[Records from a dataset]
──────────

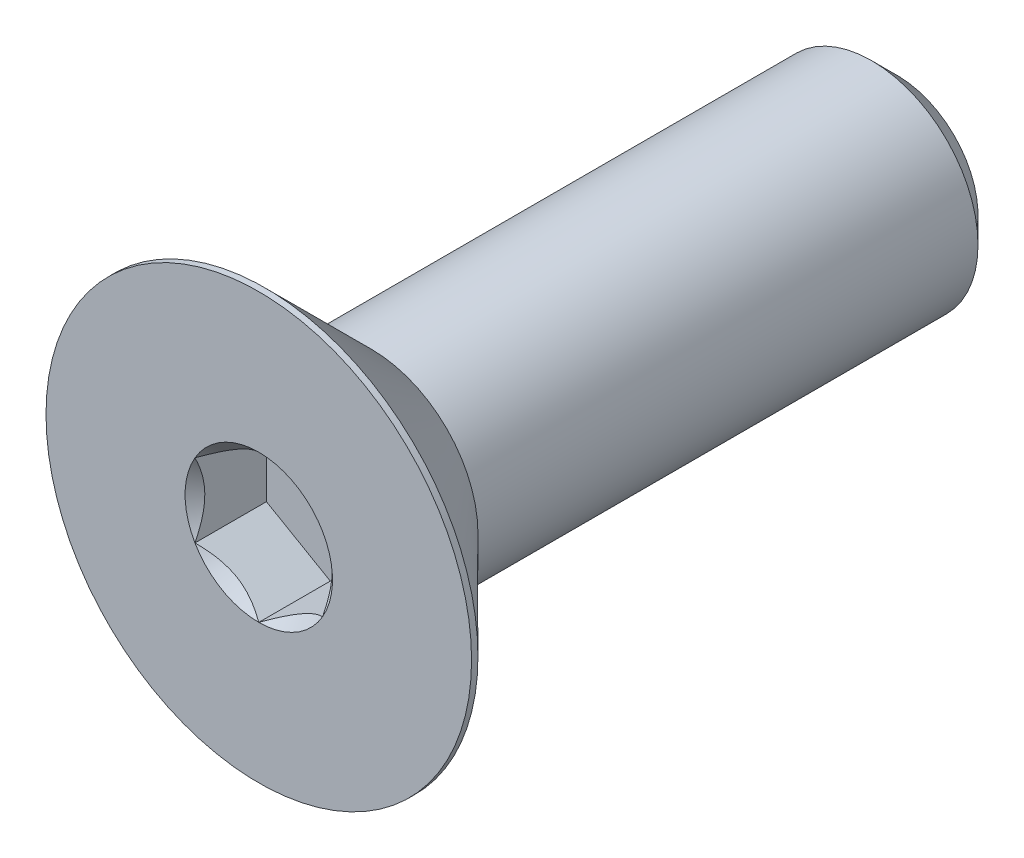
ISO-10303-21;
HEADER;
FILE_DESCRIPTION(('STEP AP214'),'2;1');
FILE_NAME('part.step','',(''),(''),'','','');
FILE_SCHEMA(('AUTOMOTIVE_DESIGN { 1 0 10303 214 1 1 1 1 }'));
ENDSEC;
DATA;
#1=APPLICATION_CONTEXT('core data for automotive mechanical design processes');
#2=APPLICATION_PROTOCOL_DEFINITION('international standard','automotive_design',2000,#1);
#3=PRODUCT_CONTEXT('',#1,'mechanical');
#4=PRODUCT('Part','Part','',(#3));
#5=PRODUCT_RELATED_PRODUCT_CATEGORY('part','',(#4));
#6=PRODUCT_DEFINITION_FORMATION('','',#4);
#7=PRODUCT_DEFINITION_CONTEXT('part definition',#1,'design');
#8=PRODUCT_DEFINITION('design','',#6,#7);
#9=PRODUCT_DEFINITION_SHAPE('','',#8);
#10=(LENGTH_UNIT() NAMED_UNIT(*) SI_UNIT(.MILLI.,.METRE.));
#11=(NAMED_UNIT(*) PLANE_ANGLE_UNIT() SI_UNIT($,.RADIAN.));
#12=(NAMED_UNIT(*) SI_UNIT($,.STERADIAN.) SOLID_ANGLE_UNIT());
#13=UNCERTAINTY_MEASURE_WITH_UNIT(LENGTH_MEASURE(1.E-05),#10,'distance_accuracy_value','');
#14=(GEOMETRIC_REPRESENTATION_CONTEXT(3) GLOBAL_UNCERTAINTY_ASSIGNED_CONTEXT((#13)) GLOBAL_UNIT_ASSIGNED_CONTEXT((#10,
#11,#12)) REPRESENTATION_CONTEXT('',''));
#15=CARTESIAN_POINT('',(0.,0.,0.));
#16=DIRECTION('',(0.,0.,1.));
#17=DIRECTION('',(1.,0.,0.));
#18=AXIS2_PLACEMENT_3D('',#15,#16,#17);
#19=CARTESIAN_POINT('',(-1.5,-0.866025403784439,7.22));
#20=DIRECTION('',(-0.5,-0.866025403784439,0.));
#21=DIRECTION('',(-0.866025403784439,0.5,0.));
#22=AXIS2_PLACEMENT_3D('',#19,#20,#21);
#23=PLANE('',#22);
#24=DIRECTION('',(0.,0.,1.));
#25=VECTOR('',#24,1.);
#26=CARTESIAN_POINT('',(-1.5,-0.866025403784439,7.22));
#27=LINE('',#26,#25);
#28=CARTESIAN_POINT('',(-1.5,-0.866025403784439,7.22));
#29=VERTEX_POINT('',#28);
#30=CARTESIAN_POINT('',(-1.5,-0.86602540378444,8.9));
#31=VERTEX_POINT('',#30);
#32=EDGE_CURVE('E11',#29,#31,#27,.T.);
#33=ORIENTED_EDGE('',*,*,#32,.T.);
#34=CARTESIAN_POINT('',(-1.5,-0.866025403784438,8.89999999999999));
#35=CARTESIAN_POINT('',(-0.750000000000001,-1.29903810567666,8.46698729810778));
#36=CARTESIAN_POINT('',(0.,-1.73205080756888,8.89999999999999));
#37=(BOUNDED_CURVE() B_SPLINE_CURVE(2,(#34,#35,#36),.UNSPECIFIED.,.F.,
.F.) B_SPLINE_CURVE_WITH_KNOTS((3,3),(-0.388312804292311,-0.130611113351457),
.UNSPECIFIED.) CURVE() GEOMETRIC_REPRESENTATION_ITEM() RATIONAL_B_SPLINE_CURVE((1.3094010767585,
1.51196612828742,1.3094010767585)) REPRESENTATION_ITEM(''));
#38=CARTESIAN_POINT('',(0.,-1.73205080756888,8.9));
#39=VERTEX_POINT('',#38);
#40=EDGE_CURVE('E133',#31,#39,#37,.T.);
#41=ORIENTED_EDGE('',*,*,#40,.T.);
#42=DIRECTION('',(0.,0.,1.));
#43=VECTOR('',#42,1.);
#44=CARTESIAN_POINT('',(0.,-1.73205080756888,7.22));
#45=LINE('',#44,#43);
#46=CARTESIAN_POINT('',(0.,-1.73205080756888,7.22));
#47=VERTEX_POINT('',#46);
#48=EDGE_CURVE('E206',#47,#39,#45,.T.);
#49=ORIENTED_EDGE('',*,*,#48,.F.);
#50=DIRECTION('',(0.866025403784439,-0.5,0.));
#51=VECTOR('',#50,1.);
#52=CARTESIAN_POINT('',(-1.5,-0.866025403784439,7.22));
#53=LINE('',#52,#51);
#54=EDGE_CURVE('E184',#29,#47,#53,.T.);
#55=ORIENTED_EDGE('',*,*,#54,.F.);
#56=EDGE_LOOP('',(#33,#41,#49,#55));
#57=FACE_BOUND('',#56,.T.);
#58=ADVANCED_FACE('F17',(#57),#23,.F.);
#59=CARTESIAN_POINT('',(-1.5,0.866025403784439,7.22));
#60=DIRECTION('',(-1.,0.,0.));
#61=DIRECTION('',(0.,1.,0.));
#62=AXIS2_PLACEMENT_3D('',#59,#60,#61);
#63=PLANE('',#62);
#64=DIRECTION('',(0.,0.,1.));
#65=VECTOR('',#64,1.);
#66=CARTESIAN_POINT('',(-1.5,0.866025403784439,7.22));
#67=LINE('',#66,#65);
#68=CARTESIAN_POINT('',(-1.5,0.866025403784439,7.22));
#69=VERTEX_POINT('',#68);
#70=CARTESIAN_POINT('',(-1.5,0.866025403784439,8.9));
#71=VERTEX_POINT('',#70);
#72=EDGE_CURVE('E26',#69,#71,#67,.T.);
#73=ORIENTED_EDGE('',*,*,#72,.T.);
#74=CARTESIAN_POINT('',(-1.5,0.866025403784444,8.89999999999999));
#75=CARTESIAN_POINT('',(-1.5,0.,8.46698729810778));
#76=CARTESIAN_POINT('',(-1.5,-0.86602540378444,8.89999999999999));
#77=(BOUNDED_CURVE() B_SPLINE_CURVE(2,(#74,#75,#76),.UNSPECIFIED.,.F.,
.F.) B_SPLINE_CURVE_WITH_KNOTS((3,3),(-0.388312804292312,-0.130611113351457),
.UNSPECIFIED.) CURVE() GEOMETRIC_REPRESENTATION_ITEM() RATIONAL_B_SPLINE_CURVE((1.3094010767585,
1.51196612828742,1.3094010767585)) REPRESENTATION_ITEM(''));
#78=EDGE_CURVE('E120',#71,#31,#77,.T.);
#79=ORIENTED_EDGE('',*,*,#78,.T.);
#80=ORIENTED_EDGE('',*,*,#32,.F.);
#81=DIRECTION('',(0.,-1.,0.));
#82=VECTOR('',#81,1.);
#83=CARTESIAN_POINT('',(-1.5,0.866025403784439,7.22));
#84=LINE('',#83,#82);
#85=EDGE_CURVE('E123',#69,#29,#84,.T.);
#86=ORIENTED_EDGE('',*,*,#85,.F.);
#87=EDGE_LOOP('',(#73,#79,#80,#86));
#88=FACE_BOUND('',#87,.T.);
#89=ADVANCED_FACE('F19',(#88),#63,.F.);
#90=CARTESIAN_POINT('',(0.,1.73205080756888,7.22));
#91=DIRECTION('',(-0.5,0.866025403784439,0.));
#92=DIRECTION('',(0.,0.,1.));
#93=AXIS2_PLACEMENT_3D('',#90,#91,#92);
#94=PLANE('',#93);
#95=DIRECTION('',(0.,0.,1.));
#96=VECTOR('',#95,1.);
#97=CARTESIAN_POINT('',(0.,1.73205080756888,7.22));
#98=LINE('',#97,#96);
#99=CARTESIAN_POINT('',(0.,1.73205080756888,7.22));
#100=VERTEX_POINT('',#99);
#101=CARTESIAN_POINT('',(0.,1.73205080756888,8.9));
#102=VERTEX_POINT('',#101);
#103=EDGE_CURVE('E47',#100,#102,#98,.T.);
#104=ORIENTED_EDGE('',*,*,#103,.T.);
#105=CARTESIAN_POINT('',(0.,1.73205080756888,8.89999999999999));
#106=CARTESIAN_POINT('',(-0.749999999999998,1.29903810567666,8.46698729810778));
#107=CARTESIAN_POINT('',(-1.5,0.86602540378444,8.89999999999999));
#108=(BOUNDED_CURVE() B_SPLINE_CURVE(2,(#105,#106,#107),.UNSPECIFIED.,.F.,
.F.) B_SPLINE_CURVE_WITH_KNOTS((3,3),(-0.388312804292311,-0.130611113351457),
.UNSPECIFIED.) CURVE() GEOMETRIC_REPRESENTATION_ITEM() RATIONAL_B_SPLINE_CURVE((1.3094010767585,
1.51196612828742,1.3094010767585)) REPRESENTATION_ITEM(''));
#109=EDGE_CURVE('E134',#102,#71,#108,.T.);
#110=ORIENTED_EDGE('',*,*,#109,.T.);
#111=ORIENTED_EDGE('',*,*,#72,.F.);
#112=DIRECTION('',(-0.866025403784439,-0.5,0.));
#113=VECTOR('',#112,1.);
#114=CARTESIAN_POINT('',(0.,1.73205080756888,7.22));
#115=LINE('',#114,#113);
#116=EDGE_CURVE('E203',#100,#69,#115,.T.);
#117=ORIENTED_EDGE('',*,*,#116,.F.);
#118=EDGE_LOOP('',(#104,#110,#111,#117));
#119=FACE_BOUND('',#118,.T.);
#120=ADVANCED_FACE('F138',(#119),#94,.F.);
#121=CARTESIAN_POINT('',(1.5,0.866025403784438,7.22));
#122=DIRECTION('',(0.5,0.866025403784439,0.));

──────────

WORK ITEM: Copy the lines exactly as they appear from the opening of the entries above through the line with "#12=(NAMED_UNIT(*) SI_UNIT($,.STERADIAN.) SOLID_ANGLE_UNIT());", excluding all pictures.

SOLUTION TO THIS EXERCISE:
ISO-10303-21;
HEADER;
FILE_DESCRIPTION(('STEP AP214'),'2;1');
FILE_NAME('part.step','',(''),(''),'','','');
FILE_SCHEMA(('AUTOMOTIVE_DESIGN { 1 0 10303 214 1 1 1 1 }'));
ENDSEC;
DATA;
#1=APPLICATION_CONTEXT('core data for automotive mechanical design processes');
#2=APPLICATION_PROTOCOL_DEFINITION('international standard','automotive_design',2000,#1);
#3=PRODUCT_CONTEXT('',#1,'mechanical');
#4=PRODUCT('Part','Part','',(#3));
#5=PRODUCT_RELATED_PRODUCT_CATEGORY('part','',(#4));
#6=PRODUCT_DEFINITION_FORMATION('','',#4);
#7=PRODUCT_DEFINITION_CONTEXT('part definition',#1,'design');
#8=PRODUCT_DEFINITION('design','',#6,#7);
#9=PRODUCT_DEFINITION_SHAPE('','',#8);
#10=(LENGTH_UNIT() NAMED_UNIT(*) SI_UNIT(.MILLI.,.METRE.));
#11=(NAMED_UNIT(*) PLANE_ANGLE_UNIT() SI_UNIT($,.RADIAN.));
#12=(NAMED_UNIT(*) SI_UNIT($,.STERADIAN.) SOLID_ANGLE_UNIT());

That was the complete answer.